E-Credit Trading: A Screen-Based Future?
Celent predicts that approximately half of all credit index trades will be placed electronically by 2007, but that credit default swaps will not be traded electronically to a significant degree until at least the early part of 2006.
As the credit derivatives market continues to grow exponentially, its participants are gradually migrating toward an electronic model. Dealers have indicated a willingness to place trades electronically, and clients are likely to do so starting in 2005. One inter-dealer broker has launched a popular electronic platform, and others are likely to follow. In a new report, ?,Celent examines the potential for different credit derivatives products to be traded electronically, and what this will mean for market participants such as exchanges and inter-dealer brokers.
The market is rapidly becoming standardized and automated. The ISDA has produced standard documents that market participants can use for their deals and recommended standard processes, such as the quarterly settlement of transactions. It has also set a number of ambitious deadlines for 2005 with regard to automation that appear likely to be met. "As standardization leads to increased liquidity, the major dealers will eventually build pricing engines and links to the relevant inter-dealer brokers and exchanges, which will truly facilitate widespread electronic trading," says Adam Josephson, analyst in the securities and investments group at Celent and author of the report. "The market has yet to reach the stage at which this is a necessity."
Approximately 25 percent of all trades of credit indices are now placed electronically, and that number will approach 50 percent by 2007, but at least a year will pass before the infrastructure will be in place for credit derivatives to be traded electronically on a large scale. Credit default swaps will not be traded electronically to a significant degree until at least the early part of 2006, when they will be sufficiently standardized and liquid.

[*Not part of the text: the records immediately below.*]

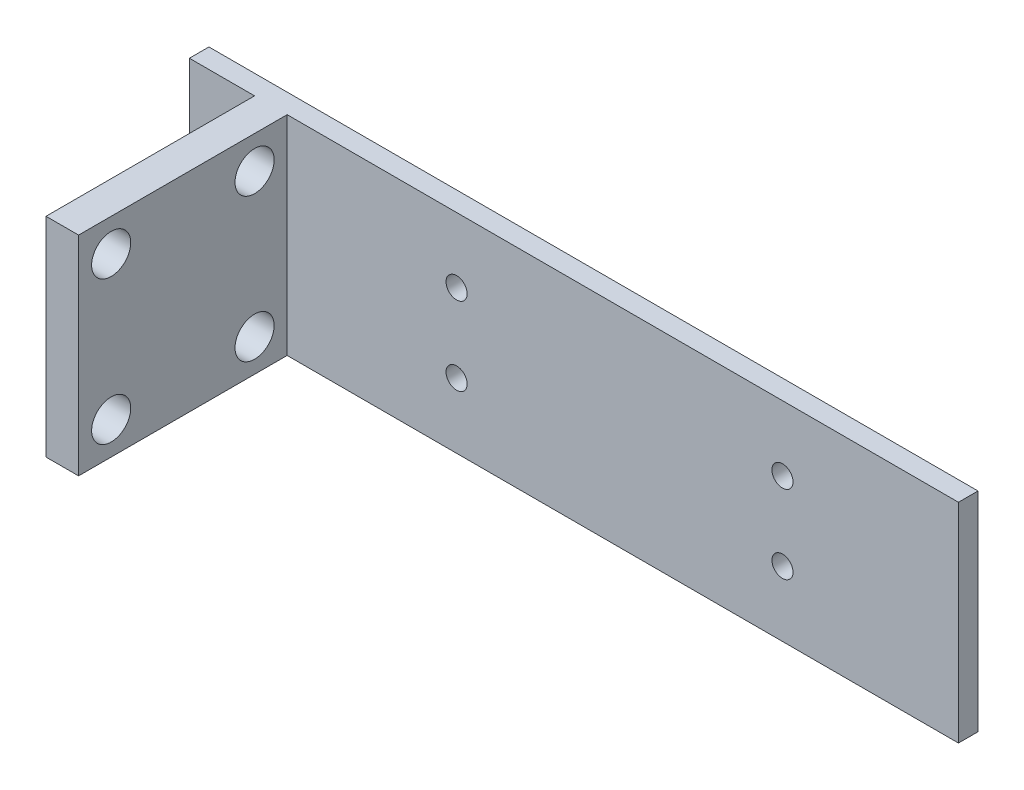
ISO-10303-21;
HEADER;
FILE_DESCRIPTION(('STEP AP214'),'2;1');
FILE_NAME('part.step','',(''),(''),'','','');
FILE_SCHEMA(('AUTOMOTIVE_DESIGN { 1 0 10303 214 1 1 1 1 }'));
ENDSEC;
DATA;
#1=APPLICATION_CONTEXT('core data for automotive mechanical design processes');
#2=APPLICATION_PROTOCOL_DEFINITION('international standard','automotive_design',2000,#1);
#3=PRODUCT_CONTEXT('',#1,'mechanical');
#4=PRODUCT('Part','Part','',(#3));
#5=PRODUCT_RELATED_PRODUCT_CATEGORY('part','',(#4));
#6=PRODUCT_DEFINITION_FORMATION('','',#4);
#7=PRODUCT_DEFINITION_CONTEXT('part definition',#1,'design');
#8=PRODUCT_DEFINITION('design','',#6,#7);
#9=PRODUCT_DEFINITION_SHAPE('','',#8);
#10=(LENGTH_UNIT() NAMED_UNIT(*) SI_UNIT(.MILLI.,.METRE.));
#11=(NAMED_UNIT(*) PLANE_ANGLE_UNIT() SI_UNIT($,.RADIAN.));
#12=(NAMED_UNIT(*) SI_UNIT($,.STERADIAN.) SOLID_ANGLE_UNIT());
#13=UNCERTAINTY_MEASURE_WITH_UNIT(LENGTH_MEASURE(1.E-05),#10,'distance_accuracy_value','');
#14=(GEOMETRIC_REPRESENTATION_CONTEXT(3) GLOBAL_UNCERTAINTY_ASSIGNED_CONTEXT((#13)) GLOBAL_UNIT_ASSIGNED_CONTEXT((#10,
#11,#12)) REPRESENTATION_CONTEXT('',''));
#15=CARTESIAN_POINT('',(0.,0.,0.));
#16=DIRECTION('',(0.,0.,1.));
#17=DIRECTION('',(1.,0.,0.));
#18=AXIS2_PLACEMENT_3D('',#15,#16,#17);
#19=CARTESIAN_POINT('',(0.,0.,3.));
#20=DIRECTION('',(0.,0.,1.));
#21=DIRECTION('',(1.,0.,0.));
#22=AXIS2_PLACEMENT_3D('',#19,#20,#21);
#23=PLANE('',#22);
#24=DIRECTION('',(0.,-1.,0.));
#25=VECTOR('',#24,1.);
#26=CARTESIAN_POINT('',(-61.2816326530612,22.7170068027211,3.));
#27=LINE('',#26,#25);
#28=CARTESIAN_POINT('',(-61.2816326530612,22.7170068027211,3.));
#29=VERTEX_POINT('',#28);
#30=CARTESIAN_POINT('',(-61.2816326530612,-9.28299319727892,3.));
#31=VERTEX_POINT('',#30);
#32=EDGE_CURVE('E58',#29,#31,#27,.T.);
#33=ORIENTED_EDGE('',*,*,#32,.F.);
#34=DIRECTION('',(-1.,0.,0.));
#35=VECTOR('',#34,1.);
#36=CARTESIAN_POINT('',(-71.2816326530612,22.7170068027211,3.));
#37=LINE('',#36,#35);
#38=CARTESIAN_POINT('',(-71.2816326530612,22.7170068027211,3.));
#39=VERTEX_POINT('',#38);
#40=EDGE_CURVE('E168',#29,#39,#37,.T.);
#41=ORIENTED_EDGE('',*,*,#40,.T.);
#42=DIRECTION('',(0.,-1.,0.));
#43=VECTOR('',#42,1.);
#44=CARTESIAN_POINT('',(-71.2816326530612,22.7170068027211,3.));
#45=LINE('',#44,#43);
#46=CARTESIAN_POINT('',(-71.2816326530612,-9.28299319727892,3.));
#47=VERTEX_POINT('',#46);
#48=EDGE_CURVE('E159',#39,#47,#45,.T.);
#49=ORIENTED_EDGE('',*,*,#48,.T.);
#50=DIRECTION('',(1.,0.,0.));
#51=VECTOR('',#50,1.);
#52=CARTESIAN_POINT('',(-71.2816326530612,-9.28299319727892,3.));
#53=LINE('',#52,#51);
#54=EDGE_CURVE('E164',#47,#31,#53,.T.);
#55=ORIENTED_EDGE('',*,*,#54,.T.);
#56=EDGE_LOOP('',(#33,#41,#49,#55));
#57=FACE_BOUND('',#56,.T.);
#58=ADVANCED_FACE('F41',(#57),#23,.T.);
#59=CARTESIAN_POINT('',(-71.2816326530612,22.7170068027211,3.));
#60=DIRECTION('',(1.,0.,0.));
#61=DIRECTION('',(0.,0.,-1.));
#62=AXIS2_PLACEMENT_3D('',#59,#60,#61);
#63=PLANE('',#62);
#64=DIRECTION('',(0.,-1.,0.));
#65=VECTOR('',#64,1.);
#66=CARTESIAN_POINT('',(-71.2816326530612,22.7170068027211,0.));
#67=LINE('',#66,#65);
#68=CARTESIAN_POINT('',(-71.2816326530612,22.7170068027211,0.));
#69=VERTEX_POINT('',#68);
#70=CARTESIAN_POINT('',(-71.2816326530612,-9.28299319727892,0.));
#71=VERTEX_POINT('',#70);
#72=EDGE_CURVE('E156',#69,#71,#67,.T.);
#73=ORIENTED_EDGE('',*,*,#72,.T.);
#74=DIRECTION('',(0.,0.,-1.));
#75=VECTOR('',#74,1.);
#76=CARTESIAN_POINT('',(-71.2816326530612,-9.28299319727892,3.));
#77=LINE('',#76,#75);
#78=EDGE_CURVE('E11',#47,#71,#77,.T.);
#79=ORIENTED_EDGE('',*,*,#78,.F.);
#80=ORIENTED_EDGE('',*,*,#48,.F.);
#81=DIRECTION('',(0.,0.,-1.));
#82=VECTOR('',#81,1.);
#83=CARTESIAN_POINT('',(-71.2816326530612,22.7170068027211,3.));
#84=LINE('',#83,#82);
#85=EDGE_CURVE('E171',#39,#69,#84,.T.);
#86=ORIENTED_EDGE('',*,*,#85,.T.);
#87=EDGE_LOOP('',(#73,#79,#80,#86));
#88=FACE_BOUND('',#87,.T.);
#89=ADVANCED_FACE('F43',(#88),#63,.F.);
#90=CARTESIAN_POINT('',(-71.2816326530612,-9.28299319727892,3.));
#91=DIRECTION('',(0.,1.,0.));
#92=DIRECTION('',(0.,0.,1.));
#93=AXIS2_PLACEMENT_3D('',#90,#91,#92);
#94=PLANE('',#93);
#95=DIRECTION('',(1.,0.,0.));
#96=VECTOR('',#95,1.);
#97=CARTESIAN_POINT('',(-71.2816326530612,-9.28299319727892,0.));
#98=LINE('',#97,#96);
#99=CARTESIAN_POINT('',(46.7183673469388,-9.28299319727892,0.));
#100=VERTEX_POINT('',#99);
#101=EDGE_CURVE('E174',#71,#100,#98,.T.);
#102=ORIENTED_EDGE('',*,*,#101,.T.);
#103=DIRECTION('',(0.,0.,-1.));
#104=VECTOR('',#103,1.);
#105=CARTESIAN_POINT('',(46.7183673469388,-9.28299319727892,3.));
#106=LINE('',#105,#104);
#107=CARTESIAN_POINT('',(46.7183673469388,-9.28299319727892,3.));
#108=VERTEX_POINT('',#107);
#109=EDGE_CURVE('E50',#108,#100,#106,.T.);
#110=ORIENTED_EDGE('',*,*,#109,.F.);
#111=CARTESIAN_POINT('',(-56.2816326530612,-9.28299319727892,3.));
#112=VERTEX_POINT('',#111);
#113=EDGE_CURVE('E162',#112,#108,#53,.T.);
#114=ORIENTED_EDGE('',*,*,#113,.F.);
#115=DIRECTION('',(0.,0.,-1.));
#116=VECTOR('',#115,1.);
#117=CARTESIAN_POINT('',(-56.2816326530612,-9.28299319727892,35.));
#118=LINE('',#117,#116);
#119=CARTESIAN_POINT('',(-56.2816326530612,-9.28299319727892,35.));
#120=VERTEX_POINT('',#119);
#121=EDGE_CURVE('E114',#120,#112,#118,.T.);
#122=ORIENTED_EDGE('',*,*,#121,.F.);
#123=DIRECTION('',(1.,0.,0.));
#124=VECTOR('',#123,1.);
#125=CARTESIAN_POINT('',(-61.2816326530612,-9.28299319727892,35.));
#126=LINE('',#125,#124);
#127=CARTESIAN_POINT('',(-61.2816326530612,-9.28299319727892,35.));
#128=VERTEX_POINT('',#127);
#129=EDGE_CURVE('E108',#128,#120,#126,.T.);
#130=ORIENTED_EDGE('',*,*,#129,.F.);
#131=DIRECTION('',(0.,0.,-1.));
#132=VECTOR('',#131,1.);
#133=CARTESIAN_POINT('',(-61.2816326530612,-9.28299319727892,35.));
#134=LINE('',#133,#132);
#135=EDGE_CURVE('E112',#128,#31,#134,.T.);
#136=ORIENTED_EDGE('',*,*,#135,.T.);
#137=ORIENTED_EDGE('',*,*,#54,.F.);
#138=ORIENTED_EDGE('',*,*,#78,.T.);
#139=EDGE_LOOP('',(#102,#110,#114,#122,#130,#136,#137,#138));
#140=FACE_BOUND('',#139,.T.);
#141=ADVANCED_FACE('F110',(#140),#94,.F.);
#142=CARTESIAN_POINT('',(46.7183673469388,22.7170068027211,3.));
#143=DIRECTION('',(-1.,0.,0.));
#144=DIRECTION('',(0.,0.,1.));
#145=AXIS2_PLACEMENT_3D('',#142,#143,#144);
#146=PLANE('',#145);
#147=DIRECTION('',(0.,1.,0.));
#148=VECTOR('',#147,1.);
#149=CARTESIAN_POINT('',(46.7183673469388,22.7170068027211,0.));
#150=LINE('',#149,#148);
#151=CARTESIAN_POINT('',(46.7183673469388,22.7170068027211,0.));
#152=VERTEX_POINT('',#151);
#153=EDGE_CURVE('E176',#100,#152,#150,.T.);
#154=ORIENTED_EDGE('',*,*,#153,.T.);
#155=DIRECTION('',(0.,0.,-1.));
#156=VECTOR('',#155,1.);
#157=CARTESIAN_POINT('',(46.7183673469388,22.7170068027211,3.));
#158=LINE('',#157,#156);
#159=CARTESIAN_POINT('',(46.7183673469388,22.7170068027211,3.));
#160=VERTEX_POINT('',#159);
#161=EDGE_CURVE('E181',#160,#152,#158,.T.);
#162=ORIENTED_EDGE('',*,*,#161,.F.);
#163=DIRECTION('',(0.,1.,0.));
#164=VECTOR('',#163,1.);
#165=CARTESIAN_POINT('',(46.7183673469388,22.7170068027211,3.));
#166=LINE('',#165,#164);
#167=EDGE_CURVE('E166',#108,#160,#166,.T.);
#168=ORIENTED_EDGE('',*,*,#167,.F.);
#169=ORIENTED_EDGE('',*,*,#109,.T.);
#170=EDGE_LOOP('',(#154,#162,#168,#169));
#171=FACE_BOUND('',#170,.T.);
#172=ADVANCED_FACE('F254',(#171),#146,.F.);
#173=CARTESIAN_POINT('',(-71.2816326530612,22.7170068027211,3.));
#174=DIRECTION('',(0.,-1.,0.));
#175=DIRECTION('',(0.,0.,-1.));
#176=AXIS2_PLACEMENT_3D('',#173,#174,#175);
#177=PLANE('',#176);
#178=DIRECTION('',(-1.,0.,0.));
#179=VECTOR('',#178,1.);
#180=CARTESIAN_POINT('',(-71.2816326530612,22.7170068027211,0.));
#181=LINE('',#180,#179);
#182=EDGE_CURVE('E163',#152,#69,#181,.T.);
#183=ORIENTED_EDGE('',*,*,#182,.T.);
#184=ORIENTED_EDGE('',*,*,#85,.F.);
#185=ORIENTED_EDGE('',*,*,#40,.F.);
#186=DIRECTION('',(0.,0.,-1.));
#187=VECTOR('',#186,1.);
#188=CARTESIAN_POINT('',(-61.2816326530612,22.7170068027211,35.));
#189=LINE('',#188,#187);
#190=CARTESIAN_POINT('',(-61.2816326530612,22.7170068027211,35.));
#191=VERTEX_POINT('',#190);
#192=EDGE_CURVE('E211',#191,#29,#189,.T.);
#193=ORIENTED_EDGE('',*,*,#192,.F.);
#194=DIRECTION('',(-1.,0.,0.));
#195=VECTOR('',#194,1.);
#196=CARTESIAN_POINT('',(-61.2816326530612,22.7170068027211,35.));
#197=LINE('',#196,#195);
#198=CARTESIAN_POINT('',(-56.2816326530612,22.7170068027211,35.));
#199=VERTEX_POINT('',#198);
#200=EDGE_CURVE('E123',#199,#191,#197,.T.);
#201=ORIENTED_EDGE('',*,*,#200,.F.);
#202=DIRECTION('',(0.,0.,-1.));
#203=VECTOR('',#202,1.);
#204=CARTESIAN_POINT('',(-56.2816326530612,22.7170068027211,35.));
#205=LINE('',#204,#203);
#206=CARTESIAN_POINT('',(-56.2816326530612,22.7170068027211,3.));
#207=VERTEX_POINT('',#206);
#208=EDGE_CURVE('E134',#199,#207,#205,.T.);
#209=ORIENTED_EDGE('',*,*,#208,.T.);
#210=EDGE_CURVE('E169',#160,#207,#37,.T.);
#211=ORIENTED_EDGE('',*,*,#210,.F.);
#212=ORIENTED_EDGE('',*,*,#161,.T.);
#213=EDGE_LOOP('',(#183,#184,#185,#193,#201,#209,#211,#212));
#214=FACE_BOUND('',#213,.T.);
#215=ADVANCED_FACE('F218',(#214),#177,.F.);
#216=DIRECTION('',(0.,1.,0.));
#217=VECTOR('',#216,1.);
#218=CARTESIAN_POINT('',(-56.2816326530612,22.7170068027211,3.));
#219=LINE('',#218,#217);
#220=EDGE_CURVE('E66',#112,#207,#219,.T.);
#221=ORIENTED_EDGE('',*,*,#220,.F.);
#222=ORIENTED_EDGE('',*,*,#113,.T.);
#223=ORIENTED_EDGE('',*,*,#167,.T.);
#224=ORIENTED_EDGE('',*,*,#210,.T.);
#225=EDGE_LOOP('',(#221,#222,#223,#224));
#226=FACE_BOUND('',#225,.T.);
#227=CARTESIAN_POINT('',(-30.2816326530612,0.717006802721081,3.));
#228=DIRECTION('',(0.,0.,1.));
#229=DIRECTION('',(1.,0.,0.));
#230=AXIS2_PLACEMENT_3D('',#227,#228,#229);
#231=CIRCLE('',#230,1.62);
#232=CARTESIAN_POINT('',(-28.6616326530612,0.717006802721081,3.));
#233=VERTEX_POINT('',#232);
#234=EDGE_CURVE('E141',#233,#233,#231,.T.);
#235=ORIENTED_EDGE('',*,*,#234,.F.);
#236=EDGE_LOOP('',(#235));
#237=FACE_BOUND('',#236,.T.);
#238=CARTESIAN_POINT('',(19.7183673469388,12.7170068027211,3.));
#239=DIRECTION('',(0.,0.,1.));
#240=DIRECTION('',(1.,0.,0.));
#241=AXIS2_PLACEMENT_3D('',#238,#239,#240);
#242=CIRCLE('',#241,1.62);
#243=CARTESIAN_POINT('',(21.3383673469388,12.7170068027211,3.));
#244=VERTEX_POINT('',#243);
#245=EDGE_CURVE('E148',#244,#244,#242,.T.);
#246=ORIENTED_EDGE('',*,*,#245,.F.);
#247=EDGE_LOOP('',(#246));
#248=FACE_BOUND('',#247,.T.);
#249=CARTESIAN_POINT('',(19.7183673469388,0.717006802721081,3.));
#250=DIRECTION('',(0.,0.,1.));
#251=DIRECTION('',(1.,0.,0.));
#252=AXIS2_PLACEMENT_3D('',#249,#250,#251);
#253=CIRCLE('',#252,1.62);
#254=CARTESIAN_POINT('',(21.3383673469388,0.717006802721081,3.));
#255=VERTEX_POINT('',#254);
#256=EDGE_CURVE('E132',#255,#255,#253,.T.);
#257=ORIENTED_EDGE('',*,*,#256,.F.);
#258=EDGE_LOOP('',(#257));
#259=FACE_BOUND('',#258,.T.);
#260=CARTESIAN_POINT('',(-30.2816326530612,12.7170068027211,3.));
#261=DIRECTION('',(0.,0.,1.));
#262=DIRECTION('',(1.,0.,0.));
#263=AXIS2_PLACEMENT_3D('',#260,#261,#262);
#264=CIRCLE('',#263,1.62000000000001);
#265=CARTESIAN_POINT('',(-28.6616326530612,12.7170068027211,3.));
#266=VERTEX_POINT('',#265);
#267=EDGE_CURVE('E144',#266,#266,#264,.T.);
#268=ORIENTED_EDGE('',*,*,#267,.F.);
#269=EDGE_LOOP('',(#268));
#270=FACE_BOUND('',#269,.T.);
#271=ADVANCED_FACE('F237',(#226,#237,#248,#259,#270),#23,.T.);
#272=CARTESIAN_POINT('',(0.,0.,0.));
#273=DIRECTION('',(0.,0.,1.));
#274=DIRECTION('',(1.,0.,0.));
#275=AXIS2_PLACEMENT_3D('',#272,#273,#274);
#276=PLANE('',#275);
#277=CARTESIAN_POINT('',(-30.2816326530612,0.717006802721081,0.));
#278=DIRECTION('',(0.,0.,1.));
#279=DIRECTION('',(1.,0.,0.));
#280=AXIS2_PLACEMENT_3D('',#277,#278,#279);
#281=CIRCLE('',#280,1.62);
#282=CARTESIAN_POINT('',(-28.6616326530612,0.717006802721081,0.));
#283=VERTEX_POINT('',#282);
#284=EDGE_CURVE('E145',#283,#283,#281,.T.);
#285=ORIENTED_EDGE('',*,*,#284,.T.);
#286=EDGE_LOOP('',(#285));
#287=FACE_BOUND('',#286,.T.);
#288=CARTESIAN_POINT('',(19.7183673469388,12.7170068027211,0.));
#289=DIRECTION('',(0.,0.,1.));
#290=DIRECTION('',(1.,0.,0.));
#291=AXIS2_PLACEMENT_3D('',#288,#289,#290);
#292=CIRCLE('',#291,1.62);
#293=CARTESIAN_POINT('',(21.3383673469388,12.7170068027211,0.));
#294=VERTEX_POINT('',#293);
#295=EDGE_CURVE('E139',#294,#294,#292,.T.);
#296=ORIENTED_EDGE('',*,*,#295,.T.);
#297=EDGE_LOOP('',(#296));
#298=FACE_BOUND('',#297,.T.);
#299=CARTESIAN_POINT('',(19.7183673469388,0.717006802721081,0.));
#300=DIRECTION('',(0.,0.,1.));
#301=DIRECTION('',(1.,0.,0.));
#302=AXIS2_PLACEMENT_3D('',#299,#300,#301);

The credit derivatives will follow in the footsteps of other fixed income markets. In the late 1990s, many thought technology would create a revolution in fixed income trading. Fixed income markets have been electronic for five years or so, and at most there is 10 to 15 percent electronic penetration, with plenty of room for growth. By the end of the decade, the credit derivatives market will likely be where most fixed income markets are now.